# tell me guys.. whats your game plan?



## outdoorsman3 (Nov 15, 2010)

okay guys, I am getting pumped for deer season after seeing my trail cameras! I am making this thread so guys can share there game plan.. here is how it will break down.. tell me what your game plan for opening weekend is...

Bow- My hoyt rampage xt, 55 pounds

Arrow(and broadhead)- easton FMJ, lumenock, 100 grain Hell razors and blood runners. (hell razors for ground blind)

Hunting from what?(tree..etc)- ground blind.

What are you looking for?(trophy,doe..etc)- unless I see 1 of 2 nice, and the monster, just a doe.

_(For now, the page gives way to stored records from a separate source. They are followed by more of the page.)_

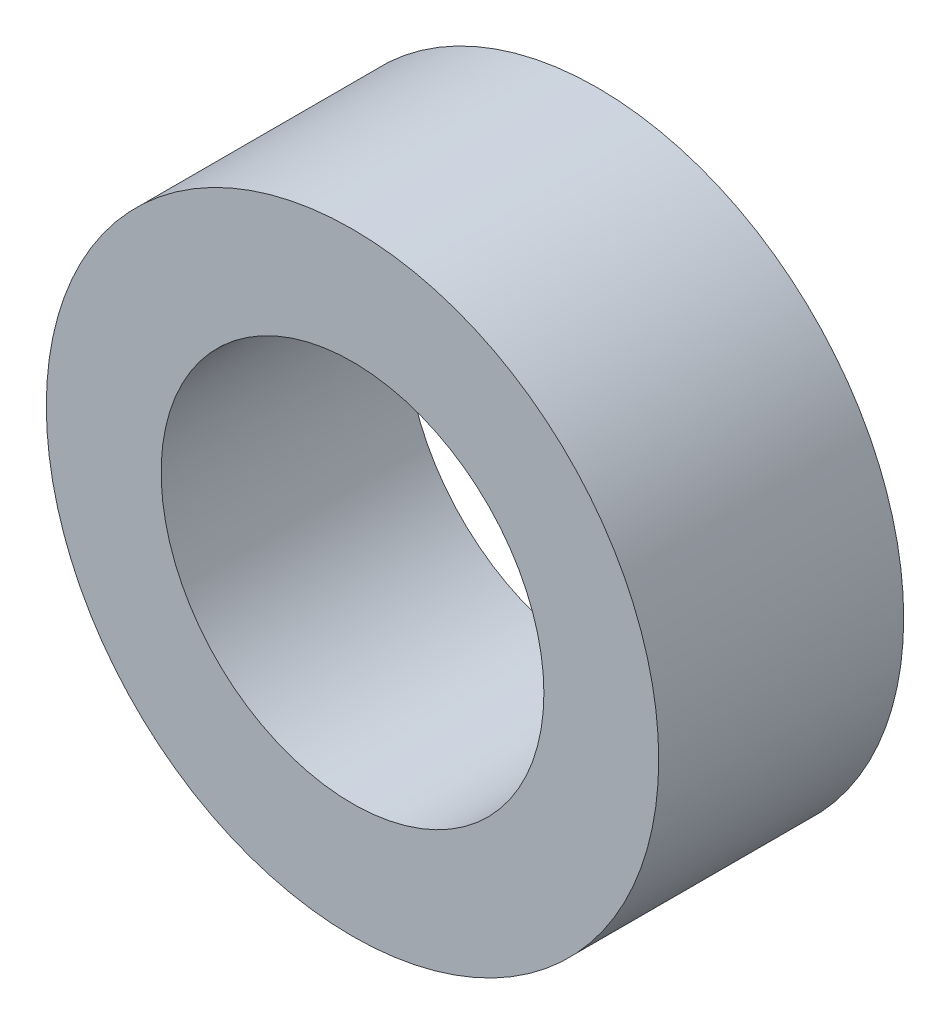
ISO-10303-21;
HEADER;
FILE_DESCRIPTION(('STEP AP214'),'2;1');
FILE_NAME('part.step','',(''),(''),'','','');
FILE_SCHEMA(('AUTOMOTIVE_DESIGN { 1 0 10303 214 1 1 1 1 }'));
ENDSEC;
DATA;
#1=APPLICATION_CONTEXT('core data for automotive mechanical design processes');
#2=APPLICATION_PROTOCOL_DEFINITION('international standard','automotive_design',2000,#1);
#3=PRODUCT_CONTEXT('',#1,'mechanical');
#4=PRODUCT('Part','Part','',(#3));
#5=PRODUCT_RELATED_PRODUCT_CATEGORY('part','',(#4));
#6=PRODUCT_DEFINITION_FORMATION('','',#4);
#7=PRODUCT_DEFINITION_CONTEXT('part definition',#1,'design');
#8=PRODUCT_DEFINITION('design','',#6,#7);
#9=PRODUCT_DEFINITION_SHAPE('','',#8);
#10=(LENGTH_UNIT() NAMED_UNIT(*) SI_UNIT(.MILLI.,.METRE.));
#11=(NAMED_UNIT(*) PLANE_ANGLE_UNIT() SI_UNIT($,.RADIAN.));
#12=(NAMED_UNIT(*) SI_UNIT($,.STERADIAN.) SOLID_ANGLE_UNIT());
#13=UNCERTAINTY_MEASURE_WITH_UNIT(LENGTH_MEASURE(1.E-05),#10,'distance_accuracy_value','');
#14=(GEOMETRIC_REPRESENTATION_CONTEXT(3) GLOBAL_UNCERTAINTY_ASSIGNED_CONTEXT((#13)) GLOBAL_UNIT_ASSIGNED_CONTEXT((#10,
#11,#12)) REPRESENTATION_CONTEXT('',''));
#15=CARTESIAN_POINT('',(0.,0.,0.));
#16=DIRECTION('',(0.,0.,1.));
#17=DIRECTION('',(1.,0.,0.));
#18=AXIS2_PLACEMENT_3D('',#15,#16,#17);
#19=CARTESIAN_POINT('',(0.,0.,3.2));
#20=DIRECTION('',(0.,0.,1.));
#21=DIRECTION('',(1.,0.,0.));
#22=AXIS2_PLACEMENT_3D('',#19,#20,#21);
#23=PLANE('',#22);
#24=CARTESIAN_POINT('',(0.,0.,3.2));
#25=DIRECTION('',(0.,0.,1.));
#26=DIRECTION('',(1.,0.,0.));
#27=AXIS2_PLACEMENT_3D('',#24,#25,#26);
#28=CIRCLE('',#27,4.);
#29=CARTESIAN_POINT('',(4.,0.,3.2));
#30=VERTEX_POINT('',#29);
#31=EDGE_CURVE('E10',#30,#30,#28,.T.);
#32=ORIENTED_EDGE('',*,*,#31,.T.);
#33=EDGE_LOOP('',(#32));
#34=FACE_BOUND('',#33,.T.);
#35=CARTESIAN_POINT('',(0.,0.,3.2));
#36=DIRECTION('',(0.,0.,1.));
#37=DIRECTION('',(1.,0.,0.));
#38=AXIS2_PLACEMENT_3D('',#35,#36,#37);
#39=CIRCLE('',#38,2.5);
#40=CARTESIAN_POINT('',(2.5,0.,3.2));
#41=VERTEX_POINT('',#40);
#42=EDGE_CURVE('E44',#41,#41,#39,.T.);
#43=ORIENTED_EDGE('',*,*,#42,.F.);
#44=EDGE_LOOP('',(#43));
#45=FACE_BOUND('',#44,.T.);
#46=ADVANCED_FACE('F33',(#34,#45),#23,.T.);
#47=CARTESIAN_POINT('',(0.,0.,0.));
#48=DIRECTION('',(0.,0.,1.));
#49=DIRECTION('',(1.,0.,0.));
#50=AXIS2_PLACEMENT_3D('',#47,#48,#49);
#51=PLANE('',#50);
#52=CARTESIAN_POINT('',(0.,0.,0.));
#53=DIRECTION('',(0.,0.,1.));
#54=DIRECTION('',(1.,0.,0.));
#55=AXIS2_PLACEMENT_3D('',#52,#53,#54);
#56=CIRCLE('',#55,4.);
#57=CARTESIAN_POINT('',(4.,0.,0.));
#58=VERTEX_POINT('',#57);
#59=EDGE_CURVE('E37',#58,#58,#56,.T.);
#60=ORIENTED_EDGE('',*,*,#59,.F.);
#61=EDGE_LOOP('',(#60));
#62=FACE_BOUND('',#61,.T.);
#63=CARTESIAN_POINT('',(0.,0.,0.));
#64=DIRECTION('',(0.,0.,1.));
#65=DIRECTION('',(1.,0.,0.));
#66=AXIS2_PLACEMENT_3D('',#63,#64,#65);
#67=CIRCLE('',#66,2.5);
#68=CARTESIAN_POINT('',(2.5,0.,0.));
#69=VERTEX_POINT('',#68);
#70=EDGE_CURVE('E46',#69,#69,#67,.T.);
#71=ORIENTED_EDGE('',*,*,#70,.T.);
#72=EDGE_LOOP('',(#71));
#73=FACE_BOUND('',#72,.T.);
#74=ADVANCED_FACE('F56',(#62,#73),#51,.F.);
#75=CARTESIAN_POINT('',(0.,0.,3.2));
#76=DIRECTION('',(0.,0.,-1.));
#77=DIRECTION('',(-1.,0.,0.));
#78=AXIS2_PLACEMENT_3D('',#75,#76,#77);
#79=CYLINDRICAL_SURFACE('',#78,4.);
#80=ORIENTED_EDGE('',*,*,#31,.F.);
#81=EDGE_LOOP('',(#80));
#82=FACE_BOUND('',#81,.T.);
#83=ORIENTED_EDGE('',*,*,#59,.T.);
#84=EDGE_LOOP('',(#83));
#85=FACE_BOUND('',#84,.T.);
#86=ADVANCED_FACE('F35',(#82,#85),#79,.T.);
#87=CARTESIAN_POINT('',(0.,0.,3.2));
#88=DIRECTION('',(0.,0.,-1.));
#89=DIRECTION('',(-1.,0.,0.));
#90=AXIS2_PLACEMENT_3D('',#87,#88,#89);
#91=CYLINDRICAL_SURFACE('',#90,2.5);
#92=ORIENTED_EDGE('',*,*,#42,.T.);
#93=EDGE_LOOP('',(#92));
#94=FACE_BOUND('',#93,.T.);
#95=ORIENTED_EDGE('',*,*,#70,.F.);
#96=EDGE_LOOP('',(#95));
#97=FACE_BOUND('',#96,.T.);
#98=ADVANCED_FACE('F52',(#94,#97),#91,.F.);
#99=CLOSED_SHELL('',(#46,#74,#86,#98));
#100=MANIFOLD_SOLID_BREP('B2',#99);
#101=ADVANCED_BREP_SHAPE_REPRESENTATION('',(#18,#100),#14);
#102=SHAPE_DEFINITION_REPRESENTATION(#9,#101);
ENDSEC;
END-ISO-10303-21;

if you have pictures of your hit list bucks.. I would love to see them!

I am not hunting this area opening day because I dont want to spook him out early, but this is my #1 hit list buck.


----------



## 12-RING SHOOTER (Jul 27, 2010)

awesome looking buck!!!
bow: 2010 PSE Vendetta XL 60# 27''
arrow: Easton N-Fused ST Axis 400 and Slick Trick 100's
hunting from: trees
what am i looking for? does and bucks
no pics, all i have to hunt is the local public land.....


----------



## outdoorsman3 (Nov 15, 2010)

yeah, public land is harder to decide which buck is good to take. its more if it walks out take the shot. no picking and choosing


----------



## hunter14 (Oct 14, 2009)

My game plan is to go out in the morning, pull the cameras and do a little scouting, and maybe do a little hunting.... haha. Then come back in the afternoon and set up in a draw.

Bow: 2010 athens accomplice 34
arrows: GT velocity xts and slick tricks
Still hunting and spot and stalk.
I need a trophy! preferably a B&C or a P&Y.

I dont have any trail cam pictures of the bucks I'm hunting, but I have some out of the spotting scope.


----------



## [email protected] (Jun 15, 2011)

I'll be on a doe mission early and then around mid Oct. I'll be after the biguns. Here's my equipment.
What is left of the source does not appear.